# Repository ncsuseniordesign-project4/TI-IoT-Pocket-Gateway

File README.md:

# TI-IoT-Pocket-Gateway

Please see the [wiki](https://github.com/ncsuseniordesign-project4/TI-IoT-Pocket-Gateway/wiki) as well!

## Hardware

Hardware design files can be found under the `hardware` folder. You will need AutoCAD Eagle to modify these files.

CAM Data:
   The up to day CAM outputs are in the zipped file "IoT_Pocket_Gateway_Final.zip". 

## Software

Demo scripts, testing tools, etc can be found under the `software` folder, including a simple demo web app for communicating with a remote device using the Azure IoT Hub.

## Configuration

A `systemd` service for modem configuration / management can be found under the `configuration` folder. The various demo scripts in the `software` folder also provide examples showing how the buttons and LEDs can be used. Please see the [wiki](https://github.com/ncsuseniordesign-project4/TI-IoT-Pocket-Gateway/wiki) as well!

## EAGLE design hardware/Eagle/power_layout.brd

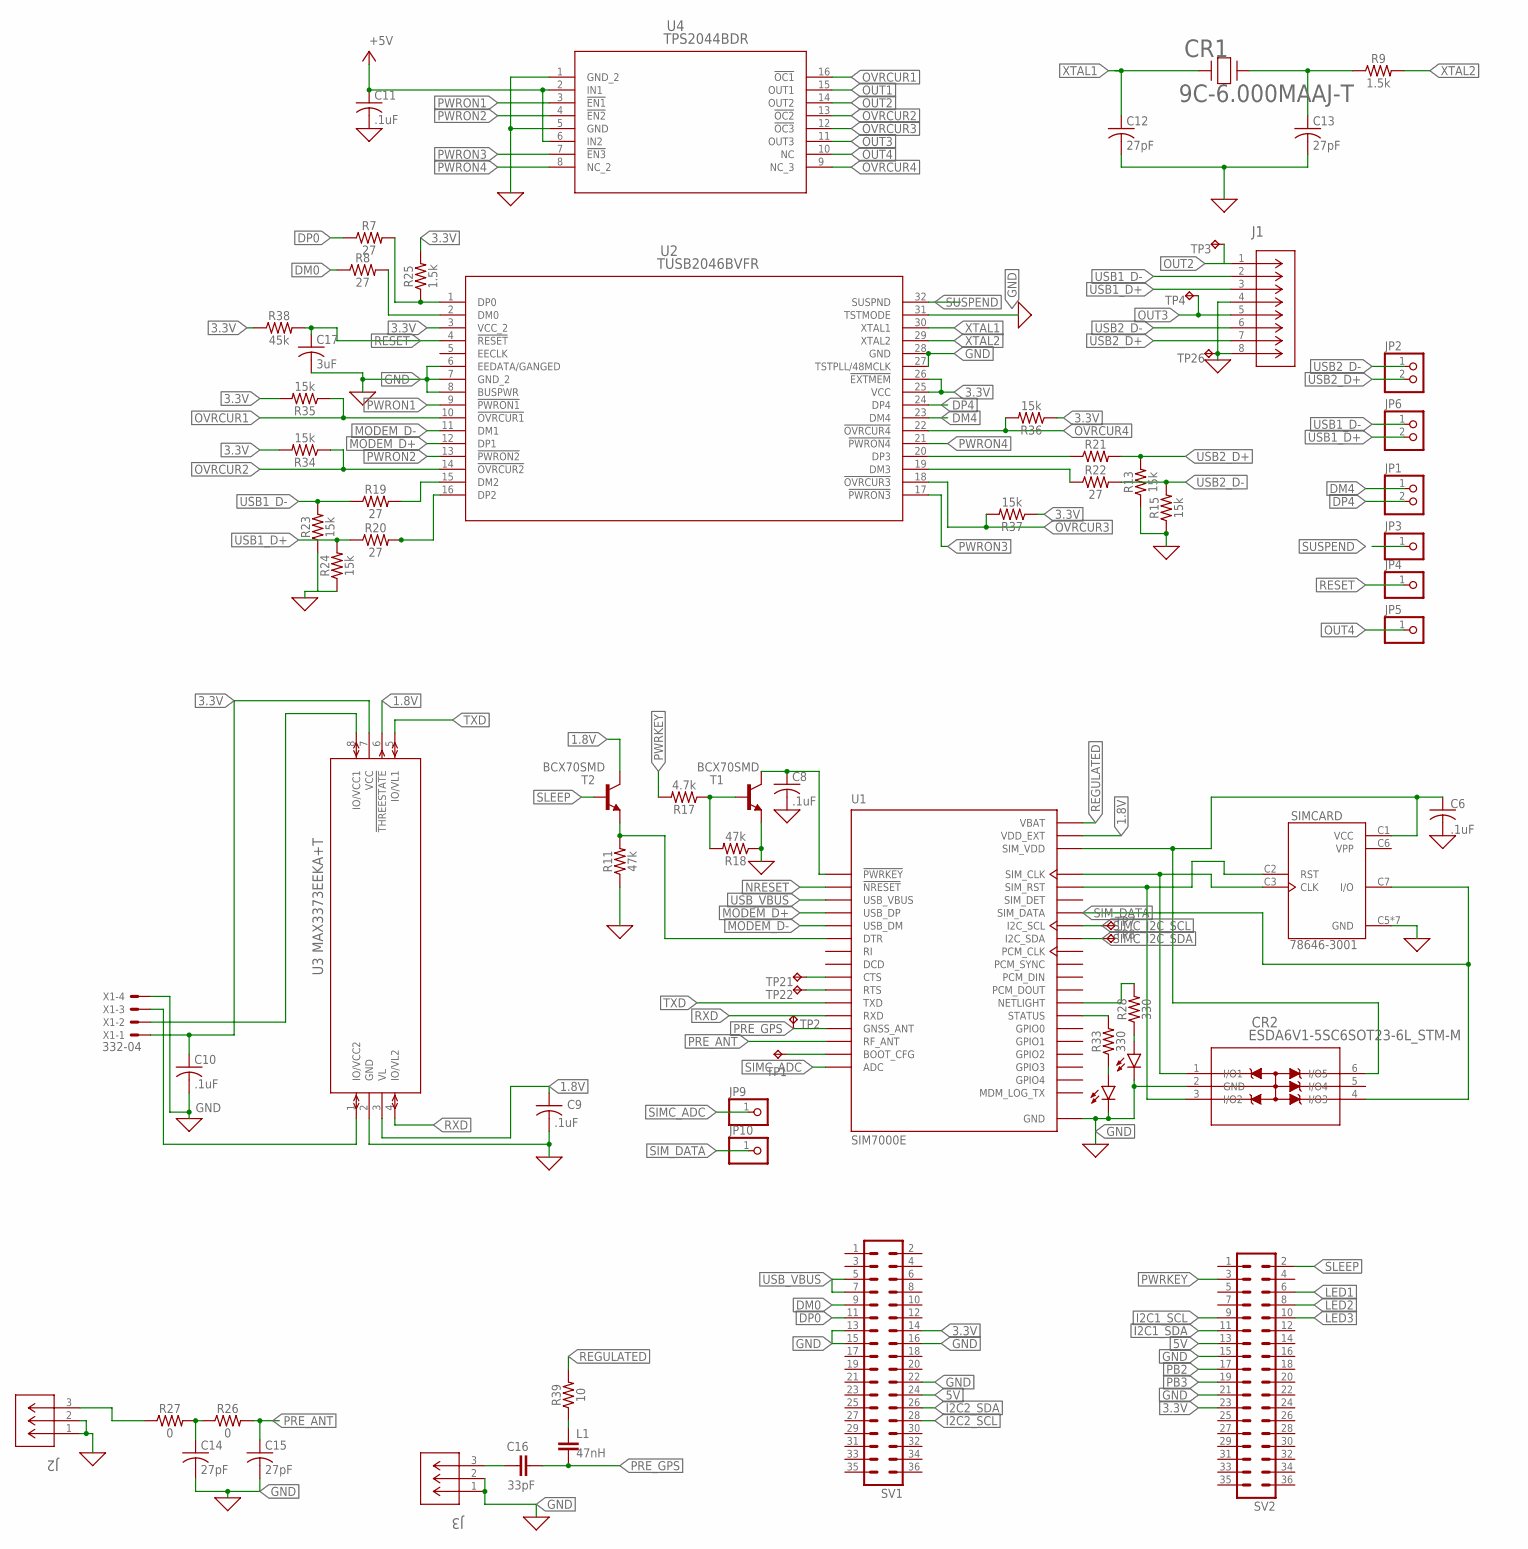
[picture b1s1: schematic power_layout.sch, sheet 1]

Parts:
C6, C8, C9, C10, C11: .1uF; C0805
C12, C13, C14, C15: 27pF; C0603
C16: 33pF; C0603K
C17: 3uF; C0805
CR1: 9C-6.000MAAJ-T; CRYSTAL_TXC_9C_TXC
CR2: ESDA6V1-5SC6SOT23-6L_STM-M; SOT23-6L_STM-M
D4, D5: Yellow; LED-0603
J1: AU-Y1008-2; CONN_AU-Y1008-2_ASM
J2, J3: U.FL-R-SMT-1(01); CONN_-SMT-1(01)
JP1, JP2, JP6: PINHD-1X2; 1X02
JP3, JP4, JP5, JP9, JP10: PINHD-1X1; 1X01
L1: 47nH; C1608
R7, R8, R19, R20, R21, R22: 27; 0805
R9: 1.5k; 0603
R11, R18: 47k; 0603
R13, R15, R23, R24, R34, R35, R36, R37: 15k; 0805
R17: 4.7k; 0603
R25: 1.5k; 0805
R26, R27: 0; 0603
R28, R33: 330; 0603
R38: 45k; 0805
R39: 10; 0805
SIMCARD: 78646-3001; MOLEX_78646-3001
SV1, SV2: MA18-2
T1, T2: BCX70SMD; SOT23
TP1, TP3, TP4, TP7, TP8, TP21, TP22, TP26: TPTP10R; TP10R
TP2: TPTP16R; TP16R
U1: SIM7000E; SIMCON_SIM7000E
U2: TUSB2046BVFR; VF32_TEX
U3: MAX3373EEKA+T; 21-0078H
U4: TPS2044BDR; D16_TEX
X1: 332-04

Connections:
0: R11.1; also elsewhere on the board
1.8V: C9.1, T2.3 (C), U1.15 (VDD_EXT), U3.3 (VL), U3.6 (!THREESTATE)
3.3V: C10.1, R25.2, R34.2, R35.2, R36.1, R37.1, R38.1, SV1.14, SV2.23, U2.3 (VCC_2), U2.25 (VCC), U2.26 (!EXTMEM), U3.7 (VCC), X1.1; also elsewhere on the board
5V: C11.1, SV1.24, SV2.13, U4.2 (IN1), U4.6 (IN2); also elsewhere on the board
DM0: R8.1, SV1.9
DM4: JP1.1, U2.23 (DM4)
DP0: R7.1, SV1.11
DP4: JP1.2, U2.24 (DP4)
GND: C6.2, C8.2, C9.2, C10.2, C11.2, C12.2, C13.2, C14.2, C15.2, C17.2, CR2.2 (GND), D4.C, D5.C, J1.4, J1.8, J2.1, J2.2, J3.1, J3.2, R13.1, R15.1, R18.1, R23.1, R24.1, SIMCARD.C5 (GND), SIMCARD.G1 (GND), SIMCARD.G2 (GND), SIMCARD.G3 (GND), SIMCARD.G4 (GND), SIMCARD.G5 (GND), SIMCARD.G6 (GND), SV1.13, SV1.15, SV1.16, SV1.22, SV2.15, SV2.21, T1.2 (E), TP26.TP, U1.2 (GND), U1.17 (GND), U1.18 (GND), U1.29 (GND), U1.39 (GND), U1.45 (GND), U1.46 (GND), U1.54 (GND), U1.58 (GND), U1.59 (GND), U1.61 (GND), U1.62 (GND), U1.63 (GND), U1.64 (GND), U1.65 (GND), U2.6 (EEDATA/GANGED), U2.7 (GND_2), U2.8 (BUSPWR), U2.27 (TSTPLL/48MCLK), U2.28 (GND), U2.31 (TSTMODE), U3.2 (GND), U4.1 (GND_2), U4.5 (GND), X1.4; also elsewhere on the board
I2C1_SCL: SV2.9; also elsewhere on the board
I2C1_SDA: SV2.11; also elsewhere on the board
I2C2_SCL: SV1.28; also elsewhere on the board
I2C2_SDA: SV1.26; also elsewhere on the board
LED1: SV2.6; also elsewhere on the board
LED2: SV2.8; also elsewhere on the board
LED3: SV2.10; also elsewhere on the board
MODEM_D+: U1.27 (USB_DP), U2.12 (DP1)
MODEM_D-: U1.28 (USB_DM), U2.11 (DM1)
unnamed: C6.1, CR2.6 (I/O5), SIMCARD.C1 (VCC), U1.30 (SIM_VDD)
unnamed: CR2.3 (I/O2), SIMCARD.C2 (RST), U1.33 (SIM_RST)
unnamed: CR2.1 (I/O1), SIMCARD.C3 (CLK), U1.32 (SIM_CLK)
unnamed: TP1.TP, U1.6 (BOOT_CFG)
unnamed: R7.2, R25.1, U2.1 (DP0)
unnamed: C14.1, R26.1, R27.2
unnamed: R8.2, U2.2 (DM0)
unnamed: U3.8 (IO/VCC1), X1.2
unnamed: C13.1, CR1.2, R9.1
unnamed: C16.1, J3.3
unnamed: R22.1, U2.19 (DM3)
unnamed: R17.1, R18.2, T1.1 (B)
unnamed: R19.2, U2.15 (DM2)
unnamed: R20.2, U2.16 (DP2)
unnamed: TP21.TP, U1.7 (CTS)
unnamed: R21.1, U2.20 (DP3)
unnamed: C8.1, T1.3 (C), U1.1 (!PWRKEY)
unnamed: L1.1, R39.1
unnamed: R28.2, U1.52 (NETLIGHT)
unnamed: D4.A, R28.1
unnamed: TP22.TP, U1.8 (RTS)
unnamed: R33.2, U1.66 (STATUS)
unnamed: J2.3, R27.1
unnamed: R11.2, T2.2 (E), U1.3 (DTR)
unnamed: D5.A, R33.1
unnamed: U3.1 (IO/VCC2), X1.3
NRESET: U1.16 (!NRESET); also elsewhere on the board
OUT1: U4.15 (OUT1)
OUT2: J1.1, TP3.TP, U4.14 (OUT2)
OUT3: J1.5, TP4.TP, U4.11 (OUT3)
OUT4: JP5.1, U4.10 (NC)
OVRCUR1: R35.1, U2.10 (!OVRCUR1), U4.16 (!OC1)
OVRCUR2: R34.1, U2.14 (!OVRCUR2), U4.13 (!OC2)
OVRCUR3: R37.2, U2.18 (!OVRCUR3), U4.12 (!OC3)
OVRCUR4: R36.2, U2.22 (!OVRCUR4), U4.9 (NC_3)
PB2: SV2.17; also elsewhere on the board
PB3: SV2.19; also elsewhere on the board
PRE_ANT: C15.1, R26.2, U1.60 (RF_ANT)
PRE_GPS: C16.2, L1.2, TP2.TP, U1.53 (GNSS_ANT)
PWRKEY: R17.2, SV2.3
PWRON1: U2.9 (!PWRON1), U4.3 (!EN1)
PWRON2: U2.13 (!PWRON2), U4.4 (!EN2)
PWRON3: U2.17 (!PWRON3), U4.7 (!EN3)
PWRON4: U2.21 (!PWRON4), U4.8 (NC_2)
REGULATED: R39.2, U1.55 (VBAT), U1.56 (VBAT), U1.57 (VBAT); also elsewhere on the board
RESET: C17.1, JP4.1, R38.2, U2.4 (!RESET)
RXD: U1.10 (RXD), U3.4 (IO/VL2)
SIMC_ADC: JP9.1, U1.25 (ADC)
SIMC_I2C_SCL: TP7.TP, U1.38 (I2C_SCL)
SIMC_I2C_SDA: TP8.TP, U1.37 (I2C_SDA)
SIM_DATA: CR2.4 (I/O3), JP10.1, SIMCARD.C7 (I/O), U1.31 (SIM_DATA)
SLEEP: SV2.2, T2.1 (B)
SUSPEND: JP3.1, U2.32 (SUSPND)
TXD: U1.9 (TXD), U3.5 (IO/VL1)
USB1_D+: J1.3, JP6.2, R20.1, R24.2
USB1_D-: J1.2, JP6.1, R19.1, R23.2
USB2_D+: J1.7, JP2.2, R13.2, R21.2
USB2_D-: J1.6, JP2.1, R15.2, R22.2
USB_VBUS: SV1.5, SV1.7, U1.24 (USB_VBUS)
VPP: SIMCARD.C6 (VPP)
XTAL1: C12.1, CR1.1, U2.30 (XTAL1)
XTAL2: R9.2, U2.29 (XTAL2)

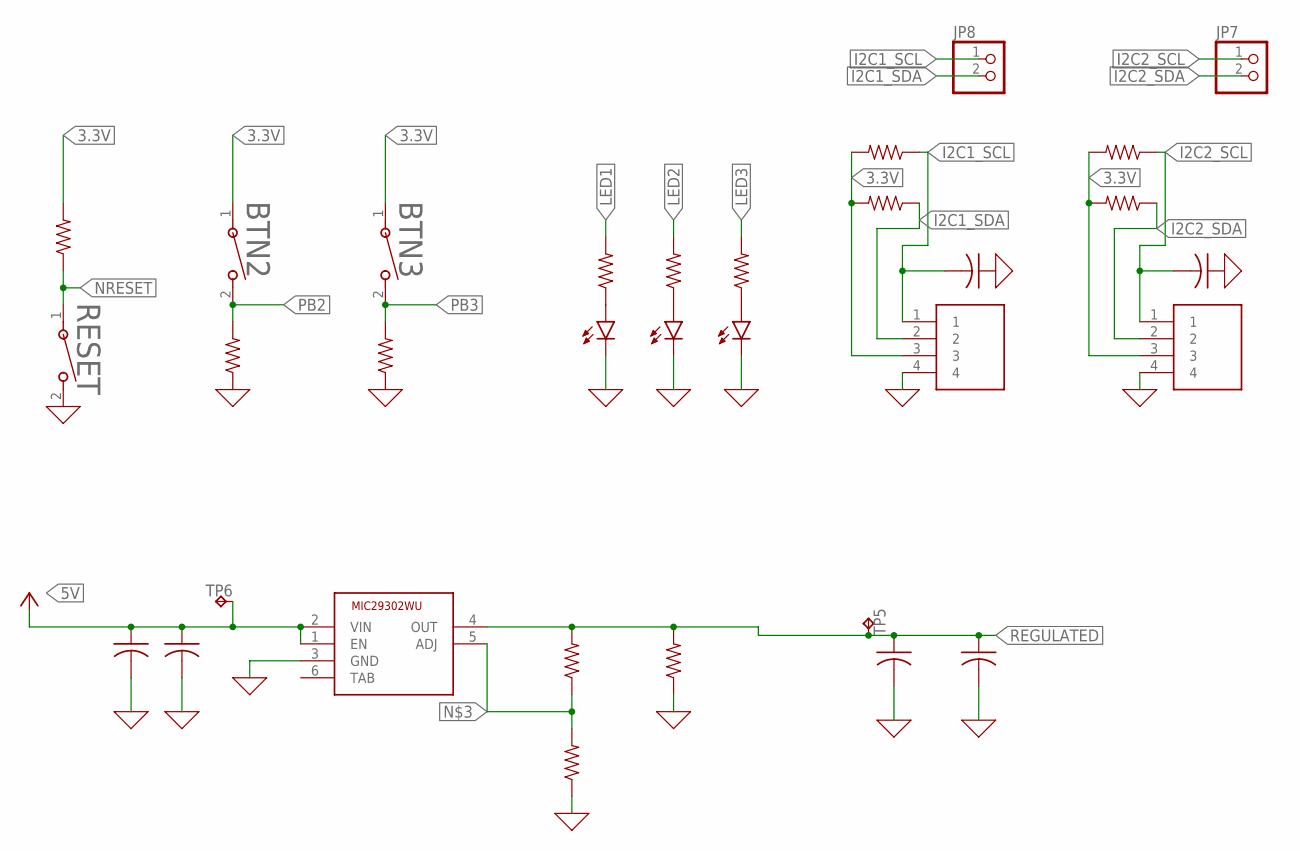
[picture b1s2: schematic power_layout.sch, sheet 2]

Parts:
BTN2, BTN3: PTS636SM25F; SW2_PTS636_SM25F_SMTR_LFS_CNK
C1: 100uF; C0805
C2, C7: 0.1uF; C0805
C3: 330uF; C1210
C4: 1uF; C0805
C5: 100nF; C0805
D1: RED; LED-1206
D2: GREEN; LED-1206
D3: BLUE; LED-1206
GROVE1, GROVE2: 640456-4; TE_640456-4
JP7, JP8: PINHD-1X2; 1X02
POWER_SUPPLY: MIC29302WU; TO263-5
R1: 60.4; 0805
R2, R3: 180; 0805
R4: 47k; 0805
R5: 100k; 0805
R6: 1500; 0805
R10, R14, R16, R29, R30, R31, R32: 4700; 0805
RESET: PTS636SM25F; SW2_PTS636_SM25F_SMTR_LFS_CNK
TP5, TP6: TPTP10R; TP10R

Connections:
0: RESET.2; also elsewhere on the board
3.3V: BTN2.1, BTN3.1, GROVE1.3, GROVE2.3, R10.2, R29.2, R30.2, R31.2, R32.2; also elsewhere on the board
5V: C1.1, C4.1, POWER_SUPPLY.1 (EN), POWER_SUPPLY.2 (VIN), TP6.TP; also elsewhere on the board
GND: C1.2, C2.1, C3.2, C4.2, C5.2, C7.1, D1.C, D2.C, D3.C, GROVE1.4, GROVE2.4, POWER_SUPPLY.3 (GND), R4.1, R6.1, R14.1, R16.1; also elsewhere on the board
I2C1_SCL: C2.2, GROVE1.1, JP8.1, R29.1; also elsewhere on the board
I2C1_SDA: GROVE1.2, JP8.2, R30.1; also elsewhere on the board
I2C2_SCL: C7.2, GROVE2.1, JP7.1, R31.1; also elsewhere on the board
I2C2_SDA: GROVE2.2, JP7.2, R32.1; also elsewhere on the board
LED1: R3.2; also elsewhere on the board
LED2: R2.2; also elsewhere on the board
LED3: R1.2; also elsewhere on the board
unnamed: POWER_SUPPLY.5 (ADJ), R4.2, R5.1
unnamed: D3.A, R1.1
unnamed: D2.A, R2.1
unnamed: D1.A, R3.1
NRESET: R10.1, RESET.1; also elsewhere on the board
PB2: BTN2.2, R14.2; also elsewhere on the board
PB3: BTN3.2, R16.2; also elsewhere on the board
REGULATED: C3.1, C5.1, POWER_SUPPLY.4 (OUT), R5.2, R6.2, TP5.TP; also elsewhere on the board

━━━━━━

» What you will do: Write out exactly the run of lines above that starts at the line containing "USB2_D-: J1.6, JP2.1, R15.2, R22.2" and ends at the line containing "R6: 1500; 0805". Include both, and leave the pictures out.

» Response:
USB2_D-: J1.6, JP2.1, R15.2, R22.2
USB_VBUS: SV1.5, SV1.7, U1.24 (USB_VBUS)
VPP: SIMCARD.C6 (VPP)
XTAL1: C12.1, CR1.1, U2.30 (XTAL1)
XTAL2: R9.2, U2.29 (XTAL2)

[picture b1s2: schematic power_layout.sch, sheet 2]

Parts:
BTN2, BTN3: PTS636SM25F; SW2_PTS636_SM25F_SMTR_LFS_CNK
C1: 100uF; C0805
C2, C7: 0.1uF; C0805
C3: 330uF; C1210
C4: 1uF; C0805
C5: 100nF; C0805
D1: RED; LED-1206
D2: GREEN; LED-1206
D3: BLUE; LED-1206
GROVE1, GROVE2: 640456-4; TE_640456-4
JP7, JP8: PINHD-1X2; 1X02
POWER_SUPPLY: MIC29302WU; TO263-5
R1: 60.4; 0805
R2, R3: 180; 0805
R4: 47k; 0805
R5: 100k; 0805
R6: 1500; 0805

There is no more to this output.